La amnistía y el rabo de paja

Es el todo o nada. No les sirve negociar o ceder, y si retroceden un poco es para tomar impulso. Es la visión totalitaria de los poderes paralelos que hoy tenemos y que proponen, una vez más, la “amnistía general” a ver si pueden alejar su rabo de paja de la candela que hoy solo atizan las víctimas —y quienes las apoyan— del conflicto más degradado de que tengamos noticia. (Publica el Espectador)

Por eso no les interesa la verdad, ni la justicia ni la reparación, sino acudir, como si estuviéramos hablando de una lista de morosos tributarios, a la manida estrategia del borrón y cuenta nueva que tanto daño ha hecho al país, a su construcción de valores, a la autoestima nacional y al respeto por la ley… Como si el problema fuera exclusivamente, como siempre, la suerte de los autores materiales e intelectuales de delitos y desmanes. Una amnistía de sastre y a la medida, que no es más que el camino del atajo para evitar el largo y, a veces, tedioso proceso de reconciliación con el cumplimiento previo de requisitos, pero también es la patente de corso para seguir en las mismas y con los mismos ahora que llega el 2022, el año del reencauche electorero.

Por eso se le quieren atravesar, con sus proverbiales jugaditas, a la justa extensión del período de la Comisión de la Verdad. Fieles a su espíritu totalitario, también quieren adueñarse, para manipularla, de la narrativa que los involucra y delata.

Y todo a cambio de nada, salvo atornillarlos al poder, legitimar sus métodos y aplicarse el lavado de activos judiciales.
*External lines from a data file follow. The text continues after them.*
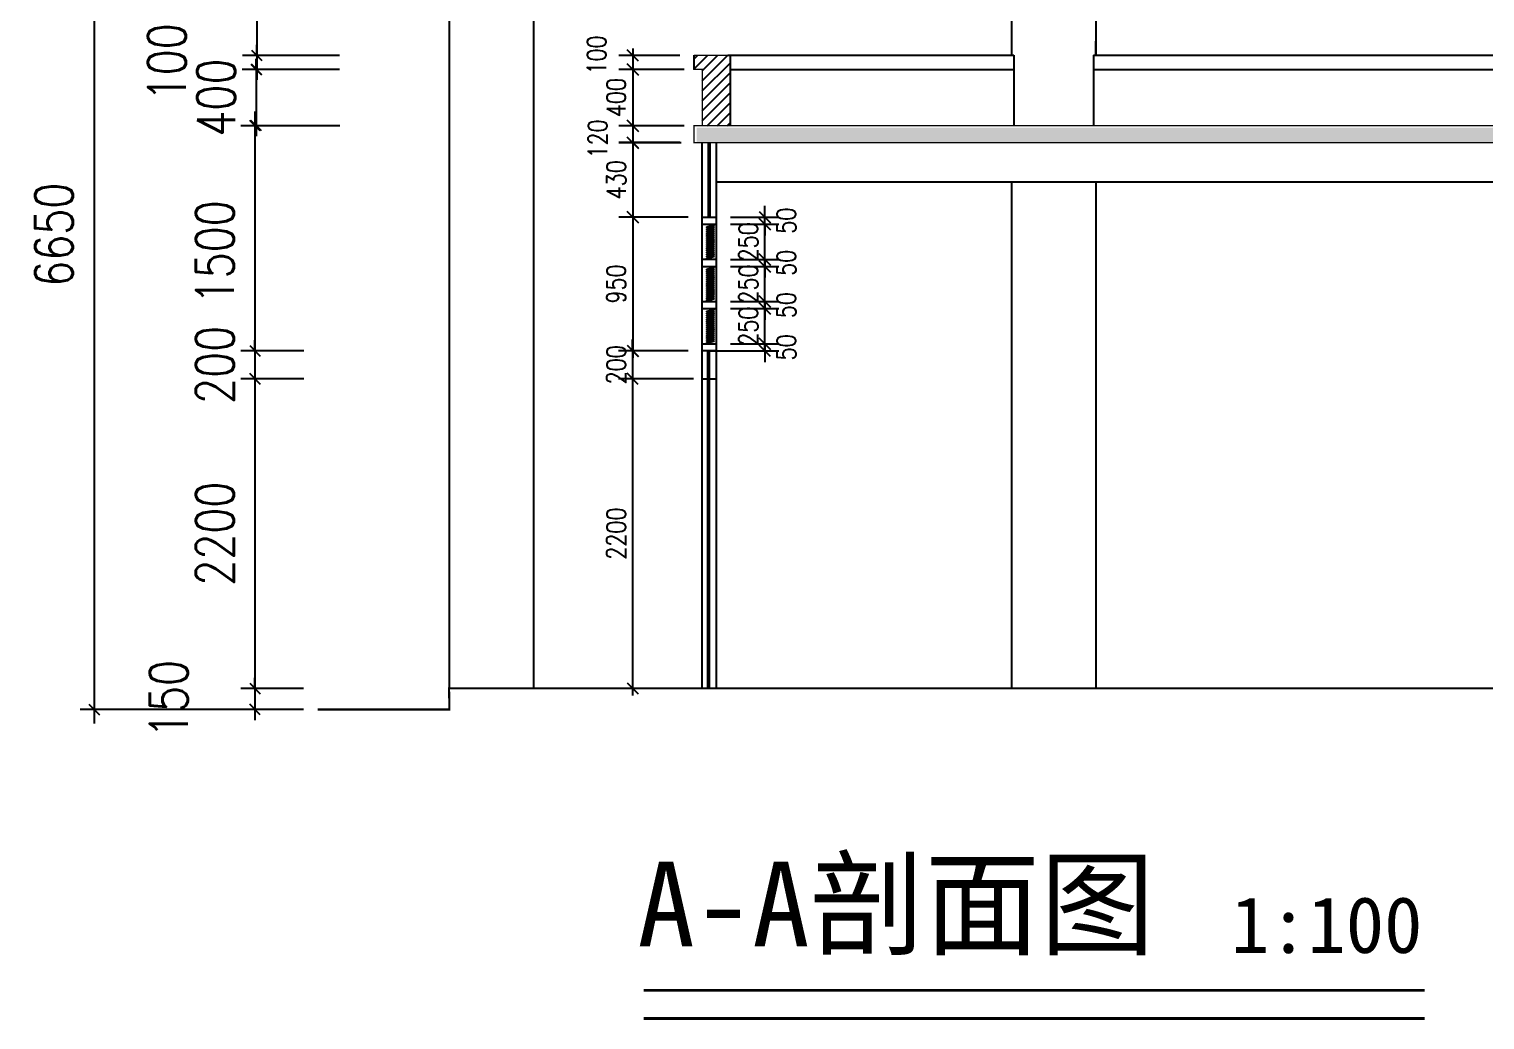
# Model space of a CAD drawing. Extents: x 249174 to 363784, y -3149 to 82603.
# Drawn here: x 315945 to 326295, y 24058 to 31100 of the extents above; entities that cross this region are included whole.
import ezdxf

# ---------------------------------------------------------------- set-up
doc = ezdxf.new("R2010")
doc.units = 0
doc.header["$LTSCALE"] = 1000
doc.header["$MEASUREMENT"] = 0
doc.linetypes.add('DOTE', pattern=[2.42, 2, -0.2, 0.02, -0.2])
doc.layers.get('0').update_dxf_attribs({"linetype": 'CONTINUOUS'})
doc.layers.get('DEFPOINTS').update_dxf_attribs({"color": 6, "linetype": 'CONTINUOUS'})
for name, color, linetype in [('111', 4, 'CONTINUOUS'), ('DIM', 3, 'CONTINUOUS'), ('DOTE', 4, 'DOTE'), ('LAYER7', 8, 'CONTINUOUS'), ('LAYER8', 84, 'CONTINUOUS')]:
    doc.layers.add(name, color=color, linetype=linetype)
doc.styles.add('DIM_FONT', font='SIMPLEX', dxfattribs={"width": 0.8})
doc.styles.add('HZTXT', font='SIMSUN.TTF')
doc.dimstyles.new('DIMN', dxfattribs={"dimtxt": 300, "dimasz": 1, "dimexe": 250, "dimexo": 300, "dimgap": 150, "dimtad": 1, "dimdec": 0, "dimzin": 0, "dimtxsty": 'DIM_FONT', "dimblk": '_DIMX', "dimblk1": '_DIMX', "dimblk2": '_DIMX', "dimcen": 100, "dimdle": 250, "dimclrd": 3, "dimclre": 3, "dimclrt": 7, "dimazin": 3, "dimtfac": 1, "dimtdec": 0, "dimtix": 1, "dimtmove": 0, "dimatfit": 3, "dimtolj": 1, "dimtzin": 0})
doc.dimstyles.new('NORMAL', dxfattribs={"dimtxt": 200, "dimasz": 1, "dimexe": 250, "dimexo": 300, "dimgap": 150, "dimtad": 1, "dimdec": 0, "dimzin": 0, "dimtxsty": 'DIM_FONT', "dimblk": '_DIMX', "dimblk1": '_DIMX', "dimblk2": '_DIMX', "dimsah": 1, "dimcen": 100, "dimdle": 250, "dimclrd": 3, "dimclre": 3, "dimclrt": 7, "dimazin": 3, "dimtfac": 1, "dimtdec": 0, "dimtix": 1, "dimtmove": 0, "dimatfit": 3, "dimtolj": 1, "dimtzin": 0})

# ---------------------------------------------------------------- blocks, each defined once
blk = doc.blocks.new('_OBLIQUE')
at = {"color": 0, "linetype": 'BYBLOCK'}
blk.add_line((-0.5, -0.5), (0.5, 0.5), dxfattribs=at)
blk = doc.blocks.new('*D90')
at = {"color": 3, "linetype": 'BYBLOCK'}
for p, q in [((285159, -85664), (285159, -85584)), ((284914, -85664), (285259, -85664)), ((285159, -85714), (285159, -85664)), ((285159, -85714), (285159, -85664)), ((284914, -85714), (285259, -85714)), ((285159, -85714), (285159, -85794))]:
    blk.add_line(p, q, dxfattribs=at)
at = {"layer": 'DEFPOINTS', "color": 0, "linetype": 'BYBLOCK'}
for p in [(284814, -85664), (285159, -85664), (284814, -85714)]:
    blk.add_point(p, dxfattribs=at)
at = {"color": 3, "linetype": 'BYBLOCK', "xscale": 80, "yscale": 80, "zscale": 80}
for p, rotation in [((285159, -85664), 270), ((285159, -85714), 90)]:
    blk.add_blockref('_OBLIQUE', p, dxfattribs=dict(at, rotation=rotation))
at = {"color": 7, "linetype": 'BYBLOCK', "insert": (285312, -85689), "char_height": 135, "attachment_point": 5, "rotation": 90, "style": 'DIM_FONT'}
blk.add_mtext('\\A1;50', dxfattribs=at)
blk = doc.blocks.new('_DIMX')
blk.add_line((-150, 0), (150, 0))
at = {"const_width": 50}
blk.add_lwpolyline([(-70, -70), (70, 70)], dxfattribs=at)
blk = doc.blocks.new('*D88')
at = {"color": 3, "linetype": 'BYBLOCK'}
for p, q in [((285159, -85664), (285159, -85584)), ((284914, -85664), (285259, -85664)), ((285159, -85714), (285159, -85664)), ((285159, -85714), (285159, -85664)), ((284914, -85714), (285259, -85714)), ((285159, -85714), (285159, -85794))]:
    blk.add_line(p, q, dxfattribs=at)
at = {"layer": 'DEFPOINTS', "color": 0, "linetype": 'BYBLOCK'}
for p in [(284814, -85664), (285159, -85664), (284814, -85714)]:
    blk.add_point(p, dxfattribs=at)
at = {"color": 3, "linetype": 'BYBLOCK', "xscale": 80, "yscale": 80, "zscale": 80}
for p, rotation in [((285159, -85664), 270), ((285159, -85714), 90)]:
    blk.add_blockref('_OBLIQUE', p, dxfattribs=dict(at, rotation=rotation))
at = {"color": 7, "linetype": 'BYBLOCK', "insert": (285312, -85689), "char_height": 135, "attachment_point": 5, "rotation": 90, "style": 'DIM_FONT'}
blk.add_mtext('\\A1;50', dxfattribs=at)
blk = doc.blocks.new('*D89')
at = {"color": 3, "linetype": 'BYBLOCK'}
for p, q in [((285159, -85714), (285159, -85634)), ((284914, -85714), (285259, -85714)), ((285159, -85964), (285159, -85714)), ((284914, -85964), (285259, -85964)), ((285159, -85964), (285159, -86044))]:
    blk.add_line(p, q, dxfattribs=at)
at = {"layer": 'DEFPOINTS', "color": 0, "linetype": 'BYBLOCK'}
for p in [(284814, -85714), (285159, -85714), (284814, -85964)]:
    blk.add_point(p, dxfattribs=at)
at = {"color": 3, "linetype": 'BYBLOCK', "xscale": 80, "yscale": 80, "zscale": 80}
for p, rotation in [((285159, -85714), 270), ((285159, -85964), 90)]:
    blk.add_blockref('_OBLIQUE', p, dxfattribs=dict(at, rotation=rotation))
at = {"color": 7, "linetype": 'BYBLOCK', "insert": (285042, -85839), "char_height": 135, "attachment_point": 5, "rotation": 90, "style": 'DIM_FONT'}
blk.add_mtext('\\A1;250', dxfattribs=at)
blk = doc.blocks.new('*D87')
at = {"color": 3, "linetype": 'BYBLOCK'}
for p, q in [((285159, -85414), (285159, -85334)), ((284914, -85414), (285259, -85414)), ((285159, -85664), (285159, -85414)), ((284914, -85664), (285259, -85664)), ((285159, -85664), (285159, -85744))]:
    blk.add_line(p, q, dxfattribs=at)
at = {"layer": 'DEFPOINTS', "color": 0, "linetype": 'BYBLOCK'}
for p in [(284814, -85414), (285159, -85414), (284814, -85664)]:
    blk.add_point(p, dxfattribs=at)
at = {"color": 3, "linetype": 'BYBLOCK', "xscale": 80, "yscale": 80, "zscale": 80}
for p, rotation in [((285159, -85414), 270), ((285159, -85664), 90)]:
    blk.add_blockref('_OBLIQUE', p, dxfattribs=dict(at, rotation=rotation))
at = {"color": 7, "linetype": 'BYBLOCK', "insert": (285042, -85539), "char_height": 135, "attachment_point": 5, "rotation": 90, "style": 'DIM_FONT'}
blk.add_mtext('\\A1;250', dxfattribs=at)
blk = doc.blocks.new('*D86')
at = {"color": 3, "linetype": 'BYBLOCK'}
for p, q in [((285159, -85364), (285159, -85284)), ((284914, -85364), (285259, -85364)), ((285159, -85414), (285159, -85364)), ((285159, -85414), (285159, -85364)), ((284914, -85414), (285259, -85414)), ((285159, -85414), (285159, -85494))]:
    blk.add_line(p, q, dxfattribs=at)
at = {"layer": 'DEFPOINTS', "color": 0, "linetype": 'BYBLOCK'}
for p in [(284814, -85364), (285159, -85364), (284814, -85414)]:
    blk.add_point(p, dxfattribs=at)
at = {"color": 3, "linetype": 'BYBLOCK', "xscale": 80, "yscale": 80, "zscale": 80}
for p, rotation in [((285159, -85364), 270), ((285159, -85414), 90)]:
    blk.add_blockref('_OBLIQUE', p, dxfattribs=dict(at, rotation=rotation))
at = {"color": 7, "linetype": 'BYBLOCK', "insert": (285312, -85389), "char_height": 135, "attachment_point": 5, "rotation": 90, "style": 'DIM_FONT'}
blk.add_mtext('\\A1;50', dxfattribs=at)
blk = doc.blocks.new('*D85')
at = {"color": 3, "linetype": 'BYBLOCK'}
for p, q in [((285159, -85114), (285159, -85034)), ((284914, -85114), (285259, -85114)), ((285159, -85364), (285159, -85114)), ((284914, -85364), (285259, -85364)), ((285159, -85364), (285159, -85444))]:
    blk.add_line(p, q, dxfattribs=at)
at = {"layer": 'DEFPOINTS', "color": 0, "linetype": 'BYBLOCK'}
for p in [(284814, -85114), (285159, -85114), (284814, -85364)]:
    blk.add_point(p, dxfattribs=at)
at = {"color": 3, "linetype": 'BYBLOCK', "xscale": 80, "yscale": 80, "zscale": 80}
for p, rotation in [((285159, -85114), 270), ((285159, -85364), 90)]:
    blk.add_blockref('_OBLIQUE', p, dxfattribs=dict(at, rotation=rotation))
at = {"color": 7, "linetype": 'BYBLOCK', "insert": (285042, -85239), "char_height": 135, "attachment_point": 5, "rotation": 90, "style": 'DIM_FONT'}
blk.add_mtext('\\A1;250', dxfattribs=at)
blk = doc.blocks.new('*D84')
at = {"color": 3, "linetype": 'BYBLOCK'}
for p, q in [((284914, -85064), (285259, -85064)), ((285159, -85064), (285159, -84984)), ((285159, -85114), (285159, -85064)), ((285159, -85114), (285159, -85064)), ((284914, -85114), (285259, -85114)), ((285159, -85114), (285159, -85194))]:
    blk.add_line(p, q, dxfattribs=at)
at = {"layer": 'DEFPOINTS', "color": 0, "linetype": 'BYBLOCK'}
for p in [(284814, -85064), (285159, -85064), (284814, -85114)]:
    blk.add_point(p, dxfattribs=at)
at = {"color": 3, "linetype": 'BYBLOCK', "xscale": 80, "yscale": 80, "zscale": 80}
for p, rotation in [((285159, -85064), 270), ((285159, -85114), 90)]:
    blk.add_blockref('_OBLIQUE', p, dxfattribs=dict(at, rotation=rotation))
at = {"color": 7, "linetype": 'BYBLOCK', "insert": (285312, -85089), "char_height": 135, "attachment_point": 5, "rotation": 90, "style": 'DIM_FONT'}
blk.add_mtext('\\A1;50', dxfattribs=at)
blk = doc.blocks.new('*D217')
at = {"color": 3, "linetype": 'BYBLOCK'}
for p, q in [((266948, -93423), (266948, -93348)), ((267538, -93423), (266848, -93423)), ((266948, -93423), (266948, -93523)), ((266948, -93423), (266948, -93523)), ((267538, -93523), (266848, -93523)), ((266948, -93523), (266948, -93598))]:
    blk.add_line(p, q, dxfattribs=at)
at = {"layer": 'DEFPOINTS', "color": 0, "linetype": 'BYBLOCK'}
for p in [(267638, -93423), (266948, -93523), (267638, -93523)]:
    blk.add_point(p, dxfattribs=at)
at = {"color": 3, "linetype": 'BYBLOCK', "xscale": 75, "yscale": 75, "zscale": 75}
for p, rotation in [((266948, -93423), 270), ((266948, -93523), 90)]:
    blk.add_blockref('_OBLIQUE', p, dxfattribs=dict(at, rotation=rotation))
at = {"color": 7, "linetype": 'BYBLOCK', "insert": (266310, -93473), "char_height": 270, "attachment_point": 5, "rotation": 90, "style": 'DIM_FONT'}
blk.add_mtext('\\A1;100', dxfattribs=at)
blk = doc.blocks.new('*D218')
at = {"color": 3, "linetype": 'BYBLOCK'}
for p, q in [((266945, -93523), (266945, -93448)), ((267538, -93523), (266845, -93523)), ((266945, -93523), (266945, -93923)), ((267538, -93923), (266845, -93923)), ((266945, -93923), (266945, -93998))]:
    blk.add_line(p, q, dxfattribs=at)
at = {"layer": 'DEFPOINTS', "color": 0, "linetype": 'BYBLOCK'}
for p in [(267638, -93523), (266945, -93923), (267638, -93923)]:
    blk.add_point(p, dxfattribs=at)
at = {"color": 3, "linetype": 'BYBLOCK', "xscale": 75, "yscale": 75, "zscale": 75}
for p, rotation in [((266945, -93523), 270), ((266945, -93923), 90)]:
    blk.add_blockref('_OBLIQUE', p, dxfattribs=dict(at, rotation=rotation))
at = {"color": 7, "linetype": 'BYBLOCK', "insert": (266660, -93723), "char_height": 270, "attachment_point": 5, "rotation": 90, "style": 'DIM_FONT'}
blk.add_mtext('\\A1;400', dxfattribs=at)
blk = doc.blocks.new('*D219')
at = {"color": 3, "linetype": 'BYBLOCK'}
for p, q in [((266936, -93823), (266936, -95823)), ((267539, -93923), (266836, -93923)), ((267284, -95723), (266836, -95723))]:
    blk.add_line(p, q, dxfattribs=at)
at = {"layer": 'DEFPOINTS', "color": 0, "linetype": 'BYBLOCK'}
for p in [(267639, -93923), (266936, -95723), (267384, -95723)]:
    blk.add_point(p, dxfattribs=at)
at = {"color": 3, "linetype": 'BYBLOCK', "xscale": 75, "yscale": 75, "zscale": 75}
for p, rotation in [((266936, -93923), 90), ((266936, -95723), 270)]:
    blk.add_blockref('_OBLIQUE', p, dxfattribs=dict(at, rotation=rotation))
at = {"color": 7, "linetype": 'BYBLOCK', "insert": (266651, -94823), "char_height": 270, "attachment_point": 5, "rotation": 90, "style": 'DIM_FONT'}
blk.add_mtext('\\A1;1500', dxfattribs=at)
blk = doc.blocks.new('*D220')
at = {"color": 3, "linetype": 'BYBLOCK'}
for p, q in [((266936, -95623), (266936, -98023)), ((267284, -95723), (266836, -95723)), ((267281, -97923), (266836, -97923))]:
    blk.add_line(p, q, dxfattribs=at)
at = {"layer": 'DEFPOINTS', "color": 0, "linetype": 'BYBLOCK'}
for p in [(267384, -95723), (266936, -97923), (267381, -97923)]:
    blk.add_point(p, dxfattribs=at)
at = {"color": 3, "linetype": 'BYBLOCK', "xscale": 75, "yscale": 75, "zscale": 75}
for p, rotation in [((266936, -95723), 90), ((266936, -97923), 270)]:
    blk.add_blockref('_OBLIQUE', p, dxfattribs=dict(at, rotation=rotation))
at = {"color": 7, "linetype": 'BYBLOCK', "insert": (266651, -96823), "char_height": 270, "attachment_point": 5, "rotation": 90, "style": 'DIM_FONT'}
blk.add_mtext('\\A1;2200', dxfattribs=at)
blk = doc.blocks.new('*D223')
at = {"color": 3, "linetype": 'BYBLOCK'}
for p, q in [((267284, -95523), (266836, -95523)), ((266936, -95523), (266936, -95448)), ((266936, -95523), (266936, -95723)), ((267284, -95723), (266836, -95723)), ((266936, -95723), (266936, -95798))]:
    blk.add_line(p, q, dxfattribs=at)
at = {"layer": 'DEFPOINTS', "color": 0, "linetype": 'BYBLOCK'}
for p in [(267384, -95523), (266936, -95723), (267384, -95723)]:
    blk.add_point(p, dxfattribs=at)
at = {"color": 3, "linetype": 'BYBLOCK', "xscale": 75, "yscale": 75, "zscale": 75}
for p, rotation in [((266936, -95523), 270), ((266936, -95723), 90)]:
    blk.add_blockref('_OBLIQUE', p, dxfattribs=dict(at, rotation=rotation))
at = {"color": 7, "linetype": 'BYBLOCK', "insert": (266651, -95623), "char_height": 270, "attachment_point": 5, "rotation": 90, "style": 'DIM_FONT'}
blk.add_mtext('\\A1;200', dxfattribs=at)
blk = doc.blocks.new('*D216')
at = {"color": 3, "linetype": 'BYBLOCK'}
for p, q in [((266948, -92123), (266948, -93523)), ((267538, -92223), (266848, -92223)), ((267538, -93423), (266848, -93423))]:
    blk.add_line(p, q, dxfattribs=at)
at = {"layer": 'DEFPOINTS', "color": 0, "linetype": 'BYBLOCK'}
for p in [(267638, -92223), (266948, -93423), (267638, -93423)]:
    blk.add_point(p, dxfattribs=at)
at = {"color": 3, "linetype": 'BYBLOCK', "xscale": 75, "yscale": 75, "zscale": 75}
for p, rotation in [((266948, -92223), 90), ((266948, -93423), 270)]:
    blk.add_blockref('_OBLIQUE', p, dxfattribs=dict(at, rotation=rotation))
at = {"color": 7, "linetype": 'BYBLOCK', "insert": (266663, -92823), "char_height": 270, "attachment_point": 5, "rotation": 90, "style": 'DIM_FONT'}
blk.add_mtext('\\A1;1200', dxfattribs=at)
blk = doc.blocks.new('*D222')
at = {"color": 3, "linetype": 'BYBLOCK'}
for p, q in [((265792, -91223), (265792, -98173)), ((267078, -91323), (265692, -91323)), ((267181, -98073), (265692, -98073))]:
    blk.add_line(p, q, dxfattribs=at)
at = {"layer": 'DEFPOINTS', "color": 0, "linetype": 'BYBLOCK'}
for p in [(267178, -91323), (265792, -98073), (267281, -98073)]:
    blk.add_point(p, dxfattribs=at)
at = {"color": 3, "linetype": 'BYBLOCK', "xscale": 75, "yscale": 75, "zscale": 75}
for p, rotation in [((265792, -91323), 90), ((265792, -98073), 270)]:
    blk.add_blockref('_OBLIQUE', p, dxfattribs=dict(at, rotation=rotation))
at = {"color": 7, "linetype": 'BYBLOCK', "insert": (265507, -94698), "char_height": 270, "attachment_point": 5, "rotation": 90, "style": 'DIM_FONT'}
blk.add_mtext('\\A1;6650', dxfattribs=at)
blk = doc.blocks.new('*D221')
at = {"color": 3, "linetype": 'BYBLOCK'}
for p, q in [((266936, -97923), (266936, -97848)), ((267281, -97923), (266836, -97923)), ((266936, -97923), (266936, -98073)), ((266936, -97923), (266936, -98073)), ((267281, -98073), (266836, -98073)), ((266936, -98073), (266936, -98148))]:
    blk.add_line(p, q, dxfattribs=at)
at = {"layer": 'DEFPOINTS', "color": 0, "linetype": 'BYBLOCK'}
for p in [(267381, -97923), (266936, -98073), (267381, -98073)]:
    blk.add_point(p, dxfattribs=at)
at = {"color": 3, "linetype": 'BYBLOCK', "xscale": 75, "yscale": 75, "zscale": 75}
for p, rotation in [((266936, -97923), 270), ((266936, -98073), 90)]:
    blk.add_blockref('_OBLIQUE', p, dxfattribs=dict(at, rotation=rotation))
at = {"color": 7, "linetype": 'BYBLOCK', "insert": (266323, -97998), "char_height": 270, "attachment_point": 5, "rotation": 90, "style": 'DIM_FONT'}
blk.add_mtext('\\A1;150', dxfattribs=at)
blk = doc.blocks.new('*D131')
at = {"color": 3, "linetype": 'BYBLOCK'}
for p, q in [((222094, -70425), (222094, -70345)), ((222489, -70425), (221994, -70425)), ((222094, -70425), (222094, -70625)), ((222527, -70625), (221994, -70625)), ((222094, -70625), (222094, -70705))]:
    blk.add_line(p, q, dxfattribs=at)
at = {"layer": 'DEFPOINTS', "color": 0, "linetype": 'BYBLOCK'}
for p in [(222589, -70425), (222094, -70625), (222627, -70625)]:
    blk.add_point(p, dxfattribs=at)
at = {"color": 3, "linetype": 'BYBLOCK', "xscale": 80, "yscale": 80, "zscale": 80}
for p, rotation in [((222094, -70425), 270), ((222094, -70625), 90)]:
    blk.add_blockref('_OBLIQUE', p, dxfattribs=dict(at, rotation=rotation))
at = {"color": 7, "linetype": 'BYBLOCK', "insert": (221977, -70525), "char_height": 135, "attachment_point": 5, "rotation": 90, "style": 'DIM_FONT'}
blk.add_mtext('\\A1;200', dxfattribs=at)
blk = doc.blocks.new('*D91')
at = {"color": 3, "linetype": 'BYBLOCK'}
for p, q in [((222094, -70575), (222094, -72875)), ((222489, -72825), (221994, -72825))]:
    blk.add_line(p, q, dxfattribs=at)
at = {"layer": 'DEFPOINTS', "color": 0, "linetype": 'BYBLOCK'}
for p in [(222094, -70625), (222094, -72825), (222589, -72825)]:
    blk.add_point(p, dxfattribs=at)
at = {"color": 3, "linetype": 'BYBLOCK', "xscale": 80, "yscale": 80, "zscale": 80}
for p, rotation in [((222094, -70625), 90), ((222094, -72825), 270)]:
    blk.add_blockref('_OBLIQUE', p, dxfattribs=dict(at, rotation=rotation))
at = {"color": 7, "linetype": 'BYBLOCK', "insert": (221977, -71725), "char_height": 135, "attachment_point": 5, "rotation": 90, "style": 'DIM_FONT'}
blk.add_mtext('\\A1;2200', dxfattribs=at)
blk = doc.blocks.new('*D83')
at = {"color": 3, "linetype": 'BYBLOCK'}
for p, q in [((284614, -85064), (284120, -85064)), ((284220, -85014), (284220, -86064)), ((284614, -86014), (284120, -86014))]:
    blk.add_line(p, q, dxfattribs=at)
at = {"layer": 'DEFPOINTS', "color": 0, "linetype": 'BYBLOCK'}
for p in [(284714, -85064), (284220, -86014), (284714, -86014)]:
    blk.add_point(p, dxfattribs=at)
at = {"color": 3, "linetype": 'BYBLOCK', "xscale": 80, "yscale": 80, "zscale": 80}
for p, rotation in [((284220, -85064), 90), ((284220, -86014), 270)]:
    blk.add_blockref('_OBLIQUE', p, dxfattribs=dict(at, rotation=rotation))
at = {"color": 7, "linetype": 'BYBLOCK', "insert": (284102, -85539), "char_height": 135, "attachment_point": 5, "rotation": 90, "style": 'DIM_FONT'}
blk.add_mtext('\\A1;950', dxfattribs=at)
blk = doc.blocks.new('*D82')
at = {"color": 3, "linetype": 'BYBLOCK'}
for p, q in [((290692, -66542), (290692, -67171)), ((291027, -66592), (290592, -66592)), ((291086, -67121), (290592, -67121))]:
    blk.add_line(p, q, dxfattribs=at)
at = {"layer": 'DEFPOINTS', "color": 0, "linetype": 'BYBLOCK'}
for p in [(291127, -66592), (290692, -67121), (291186, -67121)]:
    blk.add_point(p, dxfattribs=at)
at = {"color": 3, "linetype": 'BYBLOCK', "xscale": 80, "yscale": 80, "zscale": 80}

Mientras, el país sigue sometido a la cruel dosis de una masacre cada tres días y al robo descarado de las arcas públicas por las mafias de siempre, que necesitan fondearse para financiar campañas que propongan otras amnistías.

Claro, de vez en cuando los asalta el miedo de encontrarse en cada elección con un país nuevo, que los termine de bajar del pedestal e interrumpa su cínico monólogo para confrontarlos con la verdad que debe comenzar por la aplicación de justicia.